• Aim of the task:
Copy every line of the data exactly, keeping out any picture.

[Saved entries]
================
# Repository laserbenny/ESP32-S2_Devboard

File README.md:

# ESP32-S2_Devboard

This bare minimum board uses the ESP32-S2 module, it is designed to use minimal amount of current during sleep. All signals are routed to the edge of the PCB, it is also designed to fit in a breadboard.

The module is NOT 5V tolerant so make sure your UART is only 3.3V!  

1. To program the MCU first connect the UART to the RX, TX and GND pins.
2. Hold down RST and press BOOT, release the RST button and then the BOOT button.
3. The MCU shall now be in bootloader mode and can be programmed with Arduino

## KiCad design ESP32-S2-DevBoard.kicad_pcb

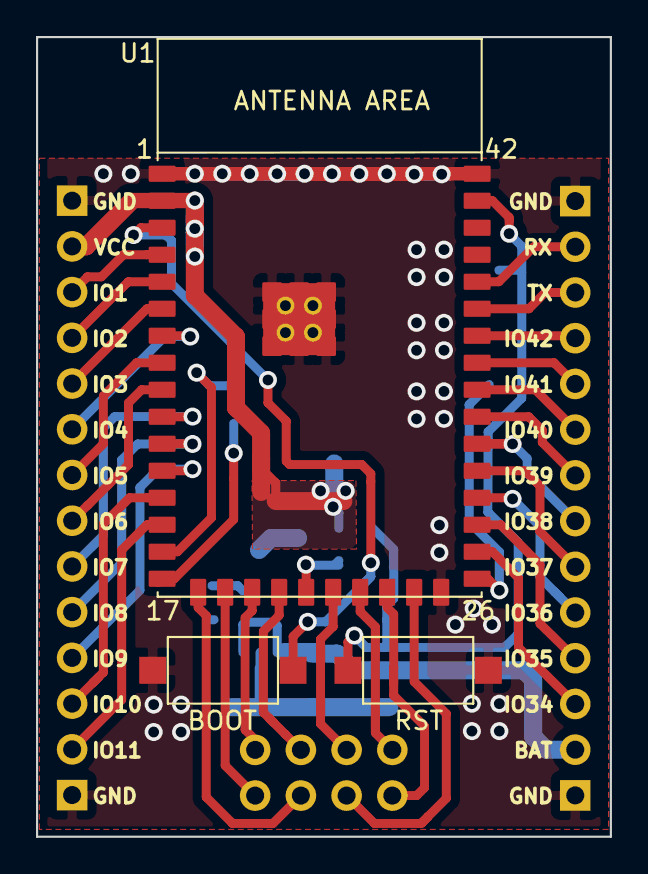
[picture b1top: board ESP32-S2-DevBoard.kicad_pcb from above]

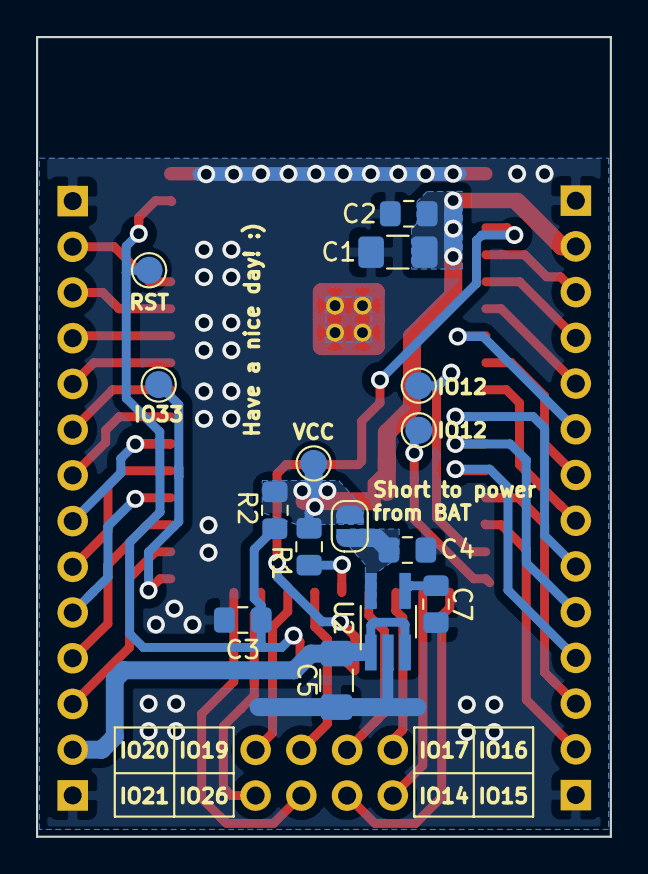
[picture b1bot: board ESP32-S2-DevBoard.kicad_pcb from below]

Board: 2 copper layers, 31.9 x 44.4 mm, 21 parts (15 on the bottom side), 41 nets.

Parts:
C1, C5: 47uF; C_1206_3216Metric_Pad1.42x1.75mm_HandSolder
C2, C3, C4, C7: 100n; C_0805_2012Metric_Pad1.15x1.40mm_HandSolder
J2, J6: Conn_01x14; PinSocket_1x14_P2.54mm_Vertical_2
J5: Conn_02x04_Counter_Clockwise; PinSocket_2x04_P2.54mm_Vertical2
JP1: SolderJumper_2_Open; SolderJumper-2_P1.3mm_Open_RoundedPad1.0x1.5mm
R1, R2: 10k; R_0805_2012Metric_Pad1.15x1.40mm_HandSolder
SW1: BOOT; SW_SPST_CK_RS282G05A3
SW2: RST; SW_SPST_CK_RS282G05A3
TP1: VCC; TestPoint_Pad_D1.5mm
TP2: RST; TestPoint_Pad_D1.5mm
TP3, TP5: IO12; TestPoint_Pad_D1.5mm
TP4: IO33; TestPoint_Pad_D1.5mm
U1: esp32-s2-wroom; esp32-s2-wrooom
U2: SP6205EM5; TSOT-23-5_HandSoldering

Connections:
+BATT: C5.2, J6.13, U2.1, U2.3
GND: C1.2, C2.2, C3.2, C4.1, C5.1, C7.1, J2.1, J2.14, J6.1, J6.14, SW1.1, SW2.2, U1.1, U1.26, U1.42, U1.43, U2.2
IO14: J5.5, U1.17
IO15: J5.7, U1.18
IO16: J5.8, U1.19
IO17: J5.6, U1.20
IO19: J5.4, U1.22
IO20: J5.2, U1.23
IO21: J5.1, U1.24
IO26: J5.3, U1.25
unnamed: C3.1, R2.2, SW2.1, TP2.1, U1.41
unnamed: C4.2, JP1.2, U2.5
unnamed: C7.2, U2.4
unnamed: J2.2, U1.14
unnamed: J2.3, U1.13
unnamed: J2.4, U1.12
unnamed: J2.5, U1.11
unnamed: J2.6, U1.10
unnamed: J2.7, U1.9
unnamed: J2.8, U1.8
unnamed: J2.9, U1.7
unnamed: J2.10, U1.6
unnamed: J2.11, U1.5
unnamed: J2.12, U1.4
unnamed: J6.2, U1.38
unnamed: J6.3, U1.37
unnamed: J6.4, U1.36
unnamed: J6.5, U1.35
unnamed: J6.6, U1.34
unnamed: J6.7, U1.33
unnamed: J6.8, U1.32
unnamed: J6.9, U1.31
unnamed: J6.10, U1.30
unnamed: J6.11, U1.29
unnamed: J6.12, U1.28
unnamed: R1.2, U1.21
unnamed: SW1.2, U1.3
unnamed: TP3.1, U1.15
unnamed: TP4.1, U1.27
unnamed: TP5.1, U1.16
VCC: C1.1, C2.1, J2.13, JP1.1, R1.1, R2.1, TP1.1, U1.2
================
• Finished exercise:
# Repository laserbenny/ESP32-S2_Devboard

File README.md:

# ESP32-S2_Devboard

This bare minimum board uses the ESP32-S2 module, it is designed to use minimal amount of current during sleep. All signals are routed to the edge of the PCB, it is also designed to fit in a breadboard.

The module is NOT 5V tolerant so make sure your UART is only 3.3V!  

1. To program the MCU first connect the UART to the RX, TX and GND pins.
2. Hold down RST and press BOOT, release the RST button and then the BOOT button.
3. The MCU shall now be in bootloader mode and can be programmed with Arduino

## KiCad design ESP32-S2-DevBoard.kicad_pcb

[picture b1top: board ESP32-S2-DevBoard.kicad_pcb from above]

[picture b1bot: board ESP32-S2-DevBoard.kicad_pcb from below]

Board: 2 copper layers, 31.9 x 44.4 mm, 21 parts (15 on the bottom side), 41 nets.

Parts:
C1, C5: 47uF; C_1206_3216Metric_Pad1.42x1.75mm_HandSolder
C2, C3, C4, C7: 100n; C_0805_2012Metric_Pad1.15x1.40mm_HandSolder
J2, J6: Conn_01x14; PinSocket_1x14_P2.54mm_Vertical_2
J5: Conn_02x04_Counter_Clockwise; PinSocket_2x04_P2.54mm_Vertical2
JP1: SolderJumper_2_Open; SolderJumper-2_P1.3mm_Open_RoundedPad1.0x1.5mm
R1, R2: 10k; R_0805_2012Metric_Pad1.15x1.40mm_HandSolder
SW1: BOOT; SW_SPST_CK_RS282G05A3
SW2: RST; SW_SPST_CK_RS282G05A3
TP1: VCC; TestPoint_Pad_D1.5mm
TP2: RST; TestPoint_Pad_D1.5mm
TP3, TP5: IO12; TestPoint_Pad_D1.5mm
TP4: IO33; TestPoint_Pad_D1.5mm
U1: esp32-s2-wroom; esp32-s2-wrooom
U2: SP6205EM5; TSOT-23-5_HandSoldering

Connections:
+BATT: C5.2, J6.13, U2.1, U2.3
GND: C1.2, C2.2, C3.2, C4.1, C5.1, C7.1, J2.1, J2.14, J6.1, J6.14, SW1.1, SW2.2, U1.1, U1.26, U1.42, U1.43, U2.2
IO14: J5.5, U1.17
IO15: J5.7, U1.18
IO16: J5.8, U1.19
IO17: J5.6, U1.20
IO19: J5.4, U1.22
IO20: J5.2, U1.23
IO21: J5.1, U1.24
IO26: J5.3, U1.25
unnamed: C3.1, R2.2, SW2.1, TP2.1, U1.41
unnamed: C4.2, JP1.2, U2.5
unnamed: C7.2, U2.4
unnamed: J2.2, U1.14
unnamed: J2.3, U1.13
unnamed: J2.4, U1.12
unnamed: J2.5, U1.11
unnamed: J2.6, U1.10
unnamed: J2.7, U1.9
unnamed: J2.8, U1.8
unnamed: J2.9, U1.7
unnamed: J2.10, U1.6
unnamed: J2.11, U1.5
unnamed: J2.12, U1.4
unnamed: J6.2, U1.38
unnamed: J6.3, U1.37
unnamed: J6.4, U1.36
unnamed: J6.5, U1.35
unnamed: J6.6, U1.34
unnamed: J6.7, U1.33
unnamed: J6.8, U1.32
unnamed: J6.9, U1.31
unnamed: J6.10, U1.30
unnamed: J6.11, U1.29
unnamed: J6.12, U1.28
unnamed: R1.2, U1.21
unnamed: SW1.2, U1.3
unnamed: TP3.1, U1.15
unnamed: TP4.1, U1.27
unnamed: TP5.1, U1.16
VCC: C1.1, C2.1, J2.13, JP1.1, R1.1, R2.1, TP1.1, U1.2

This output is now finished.